Tally up the lines below that include the word "color". Answer with the number alone.

Extracted records
***

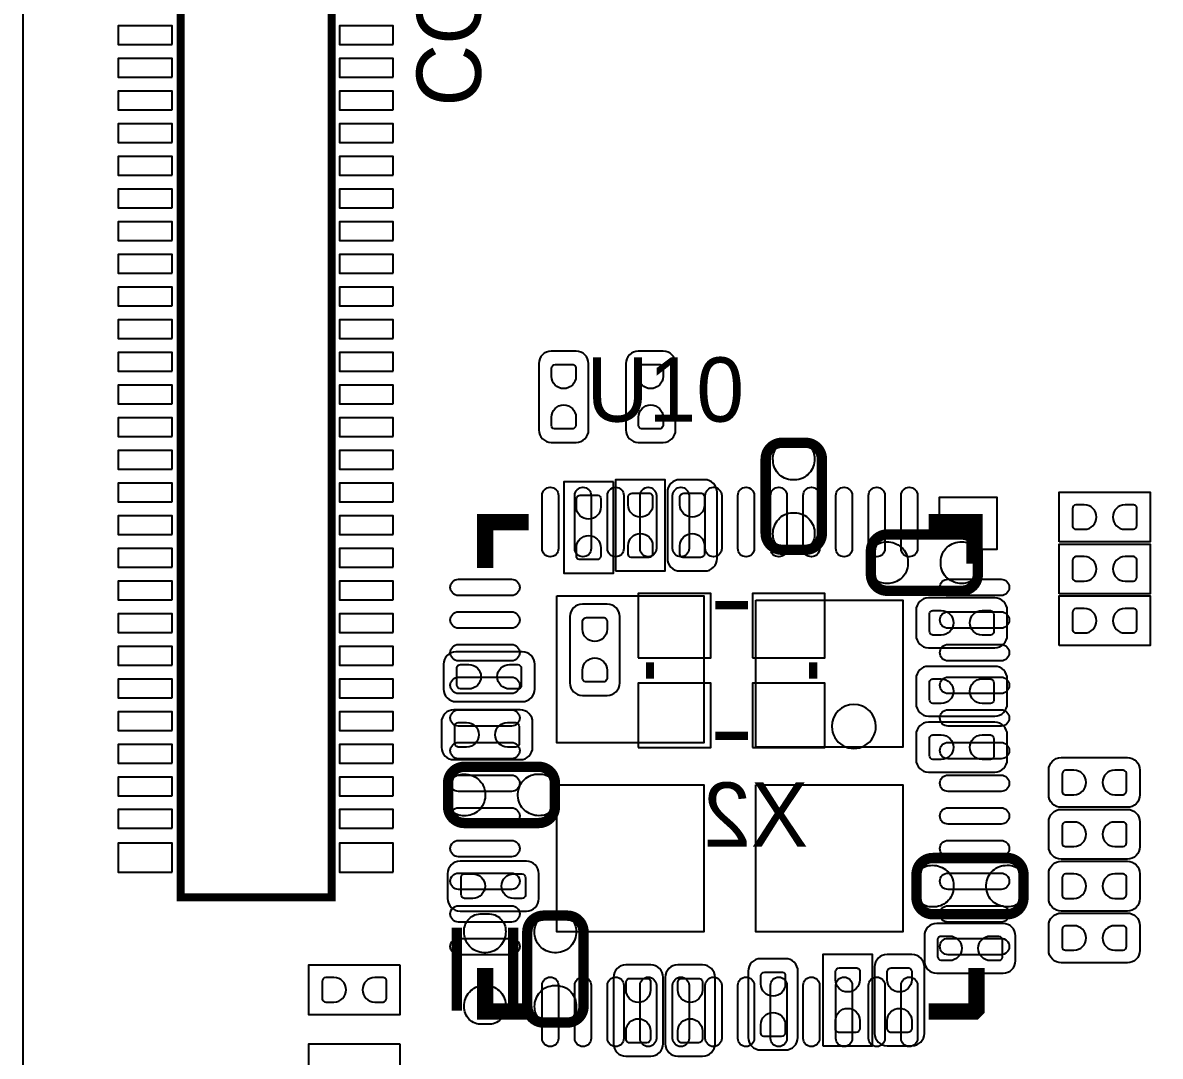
# Model space of a CAD drawing. Extents: x 0 to 69.8, y 0 to 65.
# Drawn here: x 0 to 13.94, y 34.57 to 47.23 of the extents above; entities that cross this region are included whole.
import ezdxf

# ---------------------------------------------------------------- set-up
doc = ezdxf.new("R2010")
doc.units = 0
for name, color, linetype in [('BG_OUTLINE', 254, 'CONTINUOUS'), ('PG_SILKSCREEN_BOTTOM', 12, 'CONTINUOUS'), ('PG_SILKSCREEN_TOP', 254, 'CONTINUOUS'), ('PIN_BOTTOM', 1, 'CONTINUOUS'), ('PIN_TOP', 110, 'CONTINUOUS')]:
    doc.layers.add(name, color=color, linetype=linetype)

msp = doc.modelspace()

# ---------------------------------------------------------------- linework, layer by layer
at = {"layer": 'BG_OUTLINE'}
msp.add_lwpolyline([(2.999994, 0), (51.999998, 0, 0.414213), (54.999992, 2.999994), (54.999992, 62.000003, 0.414213), (51.999998, 64.999997), (2.999994, 64.999997, 0.414213), (0, 62.000003), (0, 2.999994, 0.414212)], format="xyb", close=True, dxfattribs=at)
at = {"layer": 'PG_SILKSCREEN_BOTTOM'}
for points, const_width in [([(1.934997, 58.034606), (1.934997, 36.514608), (3.785006, 36.514608), (3.785006, 58.034606), (1.934997, 58.034606)], 0.1), ([(8.8868, 40.093798), (8.4868, 40.093798)], 0.1), ([(7.686802, 39.3938), (7.686802, 39.1938)], 0.1), ([(9.686798, 39.3938), (9.686798, 39.1938)], 0.1), ([(8.8868, 38.493776), (8.4868, 38.493776)], 0.1), ([(5.3197, 36.1442), (5.3197, 35.1282)], 0.127), ([(6.0087, 35.1282), (6.0087, 36.1442)], 0.127)]:
    msp.add_lwpolyline(points, dxfattribs=dict(at, const_width=const_width))
for points in [[(6.3246, 42.5704), (6.3246, 42.2402, 0.414224), (6.477, 42.0878), (6.7818, 42.0878, 0.414228), (6.9342, 42.2402), (6.9342, 43.053, 0.414204), (6.7818, 43.2054), (6.477, 43.2054, 0.414199), (6.3246, 43.053), (6.3246, 42.4688)], [(7.3914, 42.5704), (7.3914, 42.2402, 0.414218), (7.5438, 42.0878), (7.8486, 42.0878, 0.414186), (8.001, 42.2402), (8.001, 43.053, 0.414209), (7.8486, 43.2054), (7.5438, 43.2054, 0.414241), (7.3914, 43.053), (7.3914, 42.4688)], [(8.509102, 41.147848), (8.509102, 41.478048, 0.414192), (8.356702, 41.630448), (8.051902, 41.630448, 0.414212), (7.899502, 41.478048), (7.899502, 40.665248, 0.414235), (8.051902, 40.512848), (8.356702, 40.512848, 0.414215), (8.509102, 40.665248), (8.509102, 41.249448)], [(11.582222, 39.573098), (11.912422, 39.573098, 0.414243), (12.064822, 39.725498), (12.064822, 40.030298, 0.414217), (11.912422, 40.182698), (11.099622, 40.182698, 0.414185), (10.947222, 40.030298), (10.947222, 39.725498, 0.41421), (11.099622, 39.573098), (11.683822, 39.573098)], [(6.7056, 39.4716), (6.7056, 39.1414, 0.414235), (6.858, 38.989), (7.1628, 38.989, 0.414215), (7.3152, 39.1414), (7.3152, 39.9542, 0.414192), (7.1628, 40.1066), (6.858, 40.1066, 0.414212), (6.7056, 39.9542), (6.7056, 39.37)], [(5.6388, 39.5224), (5.3086, 39.5224, 0.414217), (5.1562, 39.37), (5.1562, 39.0652, 0.414216), (5.3086, 38.9128), (6.1214, 38.9128, 0.41421), (6.2738, 39.0652), (6.2738, 39.37, 0.414211), (6.1214, 39.5224), (5.5372, 39.5224)], [(11.582248, 38.734898), (11.912448, 38.734898, 0.414231), (12.064848, 38.887298), (12.064848, 39.192098, 0.414223), (11.912448, 39.344498), (11.099648, 39.344498, 0.414196), (10.947248, 39.192098), (10.947248, 38.887298, 0.414205), (11.099648, 38.734898), (11.683848, 38.734898)], [(5.6134, 38.8112), (5.2832, 38.8112, 0.414218), (5.1308, 38.6588), (5.1308, 38.354, 0.414186), (5.2832, 38.2016), (6.096, 38.2016, 0.414209), (6.2484, 38.354), (6.2484, 38.6588, 0.414241), (6.096, 38.8112), (5.5118, 38.8112)], [(11.5824, 38.0492), (11.9126, 38.0492, 0.414217), (12.065, 38.2016), (12.065, 38.5064, 0.414216), (11.9126, 38.6588), (11.0998, 38.6588, 0.41421), (10.9474, 38.5064), (10.9474, 38.2016, 0.414211), (11.0998, 38.0492), (11.684, 38.0492)], [(5.689752, 36.957102), (5.359552, 36.957102, 0.414217), (5.207152, 36.804702), (5.207152, 36.499902, 0.414216), (5.359552, 36.347502), (6.172352, 36.347502, 0.41421), (6.324752, 36.499902), (6.324752, 36.804702, 0.414211), (6.172352, 36.957102), (5.588152, 36.957102)], [(11.684, 35.5854), (12.0142, 35.5854, 0.414221), (12.1666, 35.7378), (12.1666, 36.0426, 0.414232), (12.0142, 36.195), (11.2014, 36.195, 0.414206), (11.049, 36.0426), (11.049, 35.7378, 0.414195), (11.2014, 35.5854), (11.7856, 35.5854)], [(7.238898, 35.052152), (7.238898, 34.721952, 0.414217), (7.391298, 34.569552), (7.696098, 34.569552, 0.414216), (7.848498, 34.721952), (7.848498, 35.534752, 0.41421), (7.696098, 35.687152), (7.391298, 35.687152, 0.414211), (7.238898, 35.534752), (7.238898, 34.950552)], [(7.873924, 35.052152), (7.873924, 34.721952, 0.414218), (8.026324, 34.569552), (8.331124, 34.569552, 0.414186), (8.483524, 34.721952), (8.483524, 35.534752, 0.414209), (8.331124, 35.687152), (8.026324, 35.687152, 0.414241), (7.873924, 35.534752), (7.873924, 34.950552)], [(8.889898, 35.128352), (8.889898, 34.798152, 0.414213), (9.042298, 34.645752), (9.347098, 34.645752, 0.414192), (9.499498, 34.798152), (9.499498, 35.610952, 0.414214), (9.347098, 35.763352), (9.042298, 35.763352, 0.414235), (8.889898, 35.610952), (8.889898, 35.026752)], [(10.439298, 35.179127), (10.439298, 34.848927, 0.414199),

***

**Response to the task**
2